A former governor of Oyo State, Otunba Adebayo Alao-Akala, former deputy Chief Whip of the senate, Senator Ayoola Agboola, and a business man, Mr. Femi Babalola, have dragged the Economic and Financial Crimes Commission (EFCC) to the Supreme Court over allegation of N11.5 billion fraud.
The move by the trio stalled the commencement of trial in the case that was scheduled to commence, Monday before Justice Muniru Owolabi of an Oyo State High Court, holden at Iyaganku, Ibadan.
According to the the EFCC, the alleged fraud was committed when the first defendant, Alao-Akala was governor of the state between 2007 and 2011.
Agboola, the second defendant, at the time served as Commissioner for Local Government and Chieftaincy Matters while Babalola owns an engineering firm, Pentagon Engineering Services, that executed some contracts during the administration.
At the court on Monday, counsel to Alao-Akala and Babalola, Mr. Hakeem Afolabi, (SAN) moved two applications before Justice Owolabi, informing the court that his clients have filed an interlocutory appeal on the matter before the Supreme Court, seeking an adjournment of the case in order to await the decision of the apex court.
He stated that the applications dated April 7 and filed on April 9, this year, were filed on 10 grounds, praying the court to allow the defendants to go, and “should be told not to return to sin, though they are not sinners.”
He relied on some earlier pronouncements of the Supreme Court, including Amaechi versus Independent National Electoral Commission (INEC).
Pastor Richard Ogunwole (SAN), who is the counsel to the second defendant, Ayoola Agboola, aligned himself with the two applications moved in the court, saying the interlocutory appeal in the Supreme Court would terminate the proceedings at the high court entirely, if it succeeds.
He urged the court to “tarry a little, not resting it,” in continuing with the case so that it would not run on collision course against the apex court.
But the EFCC’S counsel, Dr. Benedict Ubi, vehemently opposed the adjournment, arguing that granting the application would amount to “a violent violation of the Constitution of Nigeria, ” relying on the pronouncement of the Supreme Court in the case of Olisa Metuh versus Federal Republic of Nigeria. He urged the court to disregard the applications and go on with the case.
Justice Owolabi, however, adjourned the case to June 4, 2018 for ruling on the applications, whether the court would await the decision of the Supreme Court or it would continue with the trial while the interlocutory appeal is still pending in the apex court.
The EFCC had on October 11, 2011 filed the matter before Justice Moshood Abass of the court and the defendants were admitted to bail, which they perfected.
Justices Akintunde Boade and Bayo Taiwo, had also sat on the case before the former retired and the latter transferred out of Ibadan Division.
Alao-Akala was admitted to bail in the sum of N5million with two sureties in like sum, while the second and third defendants were also granted bail in the sum of N3 million each with two sureties in like sum.
But the three defendants were re-arraigned before Justice Owolabi on March 5, 2018, over the same matter by the EFCC.

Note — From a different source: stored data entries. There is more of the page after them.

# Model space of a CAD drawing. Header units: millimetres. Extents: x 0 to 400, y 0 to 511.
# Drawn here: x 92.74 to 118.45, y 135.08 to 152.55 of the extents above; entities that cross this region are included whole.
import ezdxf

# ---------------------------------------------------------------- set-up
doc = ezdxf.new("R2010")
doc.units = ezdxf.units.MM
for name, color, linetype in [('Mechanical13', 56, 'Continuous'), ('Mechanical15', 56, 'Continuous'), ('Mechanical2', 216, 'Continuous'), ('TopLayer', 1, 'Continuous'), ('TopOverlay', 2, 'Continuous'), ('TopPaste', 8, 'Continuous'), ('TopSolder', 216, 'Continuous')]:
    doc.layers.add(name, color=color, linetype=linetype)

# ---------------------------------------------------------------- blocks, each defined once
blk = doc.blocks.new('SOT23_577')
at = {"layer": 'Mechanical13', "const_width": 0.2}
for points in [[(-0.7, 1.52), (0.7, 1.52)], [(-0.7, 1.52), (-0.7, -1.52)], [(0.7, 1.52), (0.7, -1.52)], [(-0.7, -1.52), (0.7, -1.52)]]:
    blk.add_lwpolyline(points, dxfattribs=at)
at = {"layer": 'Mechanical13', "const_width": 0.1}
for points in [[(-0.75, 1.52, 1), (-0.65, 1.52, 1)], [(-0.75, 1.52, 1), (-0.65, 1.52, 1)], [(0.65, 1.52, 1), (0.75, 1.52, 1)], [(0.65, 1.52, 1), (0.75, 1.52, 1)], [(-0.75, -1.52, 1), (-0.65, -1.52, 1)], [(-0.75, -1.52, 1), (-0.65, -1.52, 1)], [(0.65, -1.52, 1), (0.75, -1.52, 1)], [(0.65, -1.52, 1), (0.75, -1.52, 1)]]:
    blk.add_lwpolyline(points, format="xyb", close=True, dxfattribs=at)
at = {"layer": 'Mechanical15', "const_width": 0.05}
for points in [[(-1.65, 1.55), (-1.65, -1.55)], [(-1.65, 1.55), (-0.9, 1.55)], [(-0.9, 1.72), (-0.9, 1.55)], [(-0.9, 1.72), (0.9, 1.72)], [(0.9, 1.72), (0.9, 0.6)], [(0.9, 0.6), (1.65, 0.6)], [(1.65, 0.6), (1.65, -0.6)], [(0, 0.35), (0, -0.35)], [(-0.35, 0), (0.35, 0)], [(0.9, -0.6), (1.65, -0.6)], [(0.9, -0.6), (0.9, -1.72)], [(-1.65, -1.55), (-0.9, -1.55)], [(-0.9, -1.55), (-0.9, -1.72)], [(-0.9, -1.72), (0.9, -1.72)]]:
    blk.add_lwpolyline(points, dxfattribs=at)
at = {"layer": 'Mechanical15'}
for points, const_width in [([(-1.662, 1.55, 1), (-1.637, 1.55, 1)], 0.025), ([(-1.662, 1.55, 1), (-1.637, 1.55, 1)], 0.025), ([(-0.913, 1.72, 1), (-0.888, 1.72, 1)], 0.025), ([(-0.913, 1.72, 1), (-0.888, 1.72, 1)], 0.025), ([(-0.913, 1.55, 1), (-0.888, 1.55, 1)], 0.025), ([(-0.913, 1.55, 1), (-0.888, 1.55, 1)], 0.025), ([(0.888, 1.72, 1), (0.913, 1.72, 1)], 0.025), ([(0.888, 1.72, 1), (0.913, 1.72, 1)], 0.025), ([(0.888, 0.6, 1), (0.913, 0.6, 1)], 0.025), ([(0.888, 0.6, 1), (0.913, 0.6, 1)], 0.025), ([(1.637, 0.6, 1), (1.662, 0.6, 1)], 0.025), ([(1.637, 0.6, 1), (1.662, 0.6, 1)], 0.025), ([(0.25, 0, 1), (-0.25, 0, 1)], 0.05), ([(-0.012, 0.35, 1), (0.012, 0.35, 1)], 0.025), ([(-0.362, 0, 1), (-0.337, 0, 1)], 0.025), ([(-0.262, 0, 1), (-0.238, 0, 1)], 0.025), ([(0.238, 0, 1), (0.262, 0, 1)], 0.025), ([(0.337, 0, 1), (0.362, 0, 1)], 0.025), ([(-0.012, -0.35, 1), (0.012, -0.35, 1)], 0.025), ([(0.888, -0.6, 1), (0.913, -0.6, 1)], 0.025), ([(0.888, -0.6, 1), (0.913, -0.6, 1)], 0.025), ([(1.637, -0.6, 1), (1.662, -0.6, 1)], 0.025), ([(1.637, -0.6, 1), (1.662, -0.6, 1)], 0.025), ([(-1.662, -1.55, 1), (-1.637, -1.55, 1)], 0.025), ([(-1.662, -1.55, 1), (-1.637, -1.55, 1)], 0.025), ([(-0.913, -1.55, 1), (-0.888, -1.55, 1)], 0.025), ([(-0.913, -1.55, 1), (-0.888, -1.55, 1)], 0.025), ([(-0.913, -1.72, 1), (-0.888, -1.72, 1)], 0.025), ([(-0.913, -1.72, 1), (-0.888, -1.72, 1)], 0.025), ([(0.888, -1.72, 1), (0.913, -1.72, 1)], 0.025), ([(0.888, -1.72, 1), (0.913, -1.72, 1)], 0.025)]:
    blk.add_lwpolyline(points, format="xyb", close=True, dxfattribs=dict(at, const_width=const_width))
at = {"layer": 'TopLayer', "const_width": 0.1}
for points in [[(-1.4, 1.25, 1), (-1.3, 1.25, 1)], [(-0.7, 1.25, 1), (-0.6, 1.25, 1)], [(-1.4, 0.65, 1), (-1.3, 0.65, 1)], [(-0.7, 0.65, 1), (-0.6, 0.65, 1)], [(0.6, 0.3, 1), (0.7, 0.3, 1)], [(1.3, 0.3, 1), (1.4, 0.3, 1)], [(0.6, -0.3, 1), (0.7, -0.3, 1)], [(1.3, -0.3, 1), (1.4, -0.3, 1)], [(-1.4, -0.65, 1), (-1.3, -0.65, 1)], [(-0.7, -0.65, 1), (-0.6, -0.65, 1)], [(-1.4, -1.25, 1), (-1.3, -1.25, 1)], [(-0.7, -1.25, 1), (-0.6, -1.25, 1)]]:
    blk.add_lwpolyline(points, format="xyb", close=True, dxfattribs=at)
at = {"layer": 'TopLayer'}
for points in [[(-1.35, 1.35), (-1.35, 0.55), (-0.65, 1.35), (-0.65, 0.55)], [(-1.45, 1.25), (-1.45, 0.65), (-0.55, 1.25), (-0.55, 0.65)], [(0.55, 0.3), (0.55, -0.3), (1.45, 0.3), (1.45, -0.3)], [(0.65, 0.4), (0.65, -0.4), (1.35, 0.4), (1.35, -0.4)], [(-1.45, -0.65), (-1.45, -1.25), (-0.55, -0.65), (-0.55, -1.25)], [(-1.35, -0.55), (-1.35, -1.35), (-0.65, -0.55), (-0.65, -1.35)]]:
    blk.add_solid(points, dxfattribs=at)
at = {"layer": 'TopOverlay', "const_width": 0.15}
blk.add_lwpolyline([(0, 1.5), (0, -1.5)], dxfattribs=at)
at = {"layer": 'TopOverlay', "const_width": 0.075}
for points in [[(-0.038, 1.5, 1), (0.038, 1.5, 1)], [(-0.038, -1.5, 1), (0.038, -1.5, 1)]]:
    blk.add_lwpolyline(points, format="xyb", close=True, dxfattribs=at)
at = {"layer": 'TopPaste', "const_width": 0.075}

The trio pleaded not guilty to the charges preferred against them.
Counsel to the defendants urged the court to allow their clients to enjoy the previous bail condition granted to them, which was granted by the court.
The defendants are facing an 11-count charge of conspiracy, awarding contract without budgetary provision, obtaining by false pretence, acquiring property with money derived from illegal act and concealing the ownership of such property, among others.
The EFCC’s counsel, Dr Benedict Ubi, had told the court that when Alao-Akala was the governor of Oyo State, he awarded a road contract worth N8.5billion between 2007 and 2009 to Pentagon Engineering Services, alleging further that the firm handled the contract on behalf of the 33 local governments areas of the state without budgetary provision.
Alao-Akala, he contended, ordered the supply of drilling machines on behalf of the 33 local government areas worth N3.5billion, saying Alao-Akala purportedly conspired with Ayoola to withdraw N2.9 billion from Oyo State Local Government Joint Account.
Ubi also told the court that Alao-Akala illegally acquired some property on Old Bodija Road, Off Rotimi Williams Road in Ibadan, when he was the governor, saying the alleged offences contravened Section 22 (4) of the Corrupt Practices and Other Related Offences Act and Section 1 (18) of the Advanced Fee Fraud Act.
The EFCC’s counsel, in an interview with journalists after the proceedings, noted that “the normal practice is that when applications of these nature are before the court, the court will entertain them first before any other step is taken. The determination of the application will show us the direction to which we are going.”
He held that an appeal in the higher court “does not operate as a stay. It is not an automatic position. If you raise an application before the court or the higher court, decision will be taken on it. Upon the ruling ordering a stay, then the proceedings will be stayed.”
Counsel to the first and third defendants, Afolabi, also told journalists that the “10 grounds in our applications were to demonstrate that it will be an act of injustice for this court to proceed when the defendants have their appeals, pending before the Supreme Court.”